[TASK MATERIAL]:
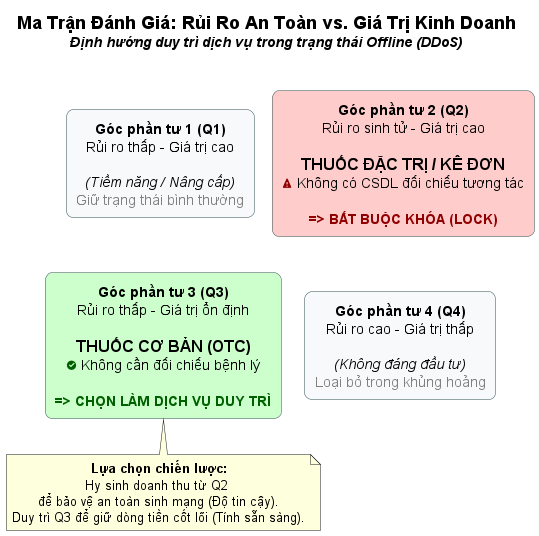

The diagram above was rendered by PlantUML. Its source (embedded in the PNG):
@startuml
!pragma layout smetana

title <size:18>Ma Trận Đánh Giá: Rủi Ro An Toàn vs. Giá Trị Kinh Doanh</size>\n<size:14><i>Định hướng duy trì dịch vụ trong trạng thái Offline (DDoS)</i></size>\n

skinparam rectangle {
    RoundCorner 15
    Shadowing false
    BorderColor DarkSlateGray
}
skinparam defaultTextAlignment center
skinparam ArrowColor transparent

' --- Định nghĩa các góc phần tư của Ma trận ---

rectangle "<b>Góc phần tư 1 (Q1)</b>\n<size:14>Rủi ro thấp - Giá trị cao</size>\n\n<i>(Tiềm năng / Nâng cấp)</i>\n<color:gray>Giữ trạng thái bình thường</color>" as Q1 #F8F9FA

rectangle "<b>Góc phần tư 2 (Q2)</b>\n<size:14>Rủi ro sinh tử - Giá trị cao</size>\n\n<size:16><b>THUỐC ĐẶC TRỊ / KÊ ĐƠN</b></size>\n<color:#900000><&warning></color> Không có CSDL đối chiếu tương tác\n\n<color:#900000><b>=> BẮT BUỘC KHÓA (LOCK)</b></color>" as Q2 #FFCCCC

rectangle "<b>Góc phần tư 3 (Q3)</b>\n<size:14>Rủi ro thấp - Giá trị ổn định</size>\n\n<size:16><b>THUỐC CƠ BẢN (OTC)</b></size>\n<color:#006000><&circle-check></color> Không cần đối chiếu bệnh lý\n\n<color:#006000><b>=> CHỌN LÀM DỊCH VỤ DUY TRÌ</b></color>" as Q3 #CCFFCC

rectangle "<b>Góc phần tư 4 (Q4)</b>\n<size:14>Rủi ro cao - Giá trị thấp</size>\n\n<i>(Không đáng đầu tư)</i>\n<color:gray>Loại bỏ trong khủng hoảng</color>" as Q4 #F8F9FA

' --- Ép bố cục (Layout constraints) tạo hình ma trận 2x2 ---

Q1 -[hidden]right-> Q2
Q3 -[hidden]right-> Q4
Q1 -[hidden]down-> Q3
Q2 -[hidden]down-> Q4

note bottom of Q3
  <b>Lựa chọn chiến lược:</b>
  Hy sinh doanh thu từ Q2 
  để bảo vệ an toàn sinh mạng (Độ tin cậy).
  Duy trì Q3 để giữ dòng tiền cốt lõi (Tính sẵn sàng).
end note

@enduml

[YOUR INSTRUCTIONS]:
Wherever an image appears in the data, omit it and repeat everything else exactly.

[WRITTEN ANSWER]:
The diagram above was rendered by PlantUML. Its source (embedded in the PNG):
@startuml
!pragma layout smetana

title <size:18>Ma Trận Đánh Giá: Rủi Ro An Toàn vs. Giá Trị Kinh Doanh</size>\n<size:14><i>Định hướng duy trì dịch vụ trong trạng thái Offline (DDoS)</i></size>\n

skinparam rectangle {
    RoundCorner 15
    Shadowing false
    BorderColor DarkSlateGray
}
skinparam defaultTextAlignment center
skinparam ArrowColor transparent

' --- Định nghĩa các góc phần tư của Ma trận ---

rectangle "<b>Góc phần tư 1 (Q1)</b>\n<size:14>Rủi ro thấp - Giá trị cao</size>\n\n<i>(Tiềm năng / Nâng cấp)</i>\n<color:gray>Giữ trạng thái bình thường</color>" as Q1 #F8F9FA

rectangle "<b>Góc phần tư 2 (Q2)</b>\n<size:14>Rủi ro sinh tử - Giá trị cao</size>\n\n<size:16><b>THUỐC ĐẶC TRỊ / KÊ ĐƠN</b></size>\n<color:#900000><&warning></color> Không có CSDL đối chiếu tương tác\n\n<color:#900000><b>=> BẮT BUỘC KHÓA (LOCK)</b></color>" as Q2 #FFCCCC

rectangle "<b>Góc phần tư 3 (Q3)</b>\n<size:14>Rủi ro thấp - Giá trị ổn định</size>\n\n<size:16><b>THUỐC CƠ BẢN (OTC)</b></size>\n<color:#006000><&circle-check></color> Không cần đối chiếu bệnh lý\n\n<color:#006000><b>=> CHỌN LÀM DỊCH VỤ DUY TRÌ</b></color>" as Q3 #CCFFCC

rectangle "<b>Góc phần tư 4 (Q4)</b>\n<size:14>Rủi ro cao - Giá trị thấp</size>\n\n<i>(Không đáng đầu tư)</i>\n<color:gray>Loại bỏ trong khủng hoảng</color>" as Q4 #F8F9FA

' --- Ép bố cục (Layout constraints) tạo hình ma trận 2x2 ---

Q1 -[hidden]right-> Q2
Q3 -[hidden]right-> Q4
Q1 -[hidden]down-> Q3
Q2 -[hidden]down-> Q4

note bottom of Q3
  <b>Lựa chọn chiến lược:</b>
  Hy sinh doanh thu từ Q2 
  để bảo vệ an toàn sinh mạng (Độ tin cậy).
  Duy trì Q3 để giữ dòng tiền cốt lõi (Tính sẵn sàng).
end note

@enduml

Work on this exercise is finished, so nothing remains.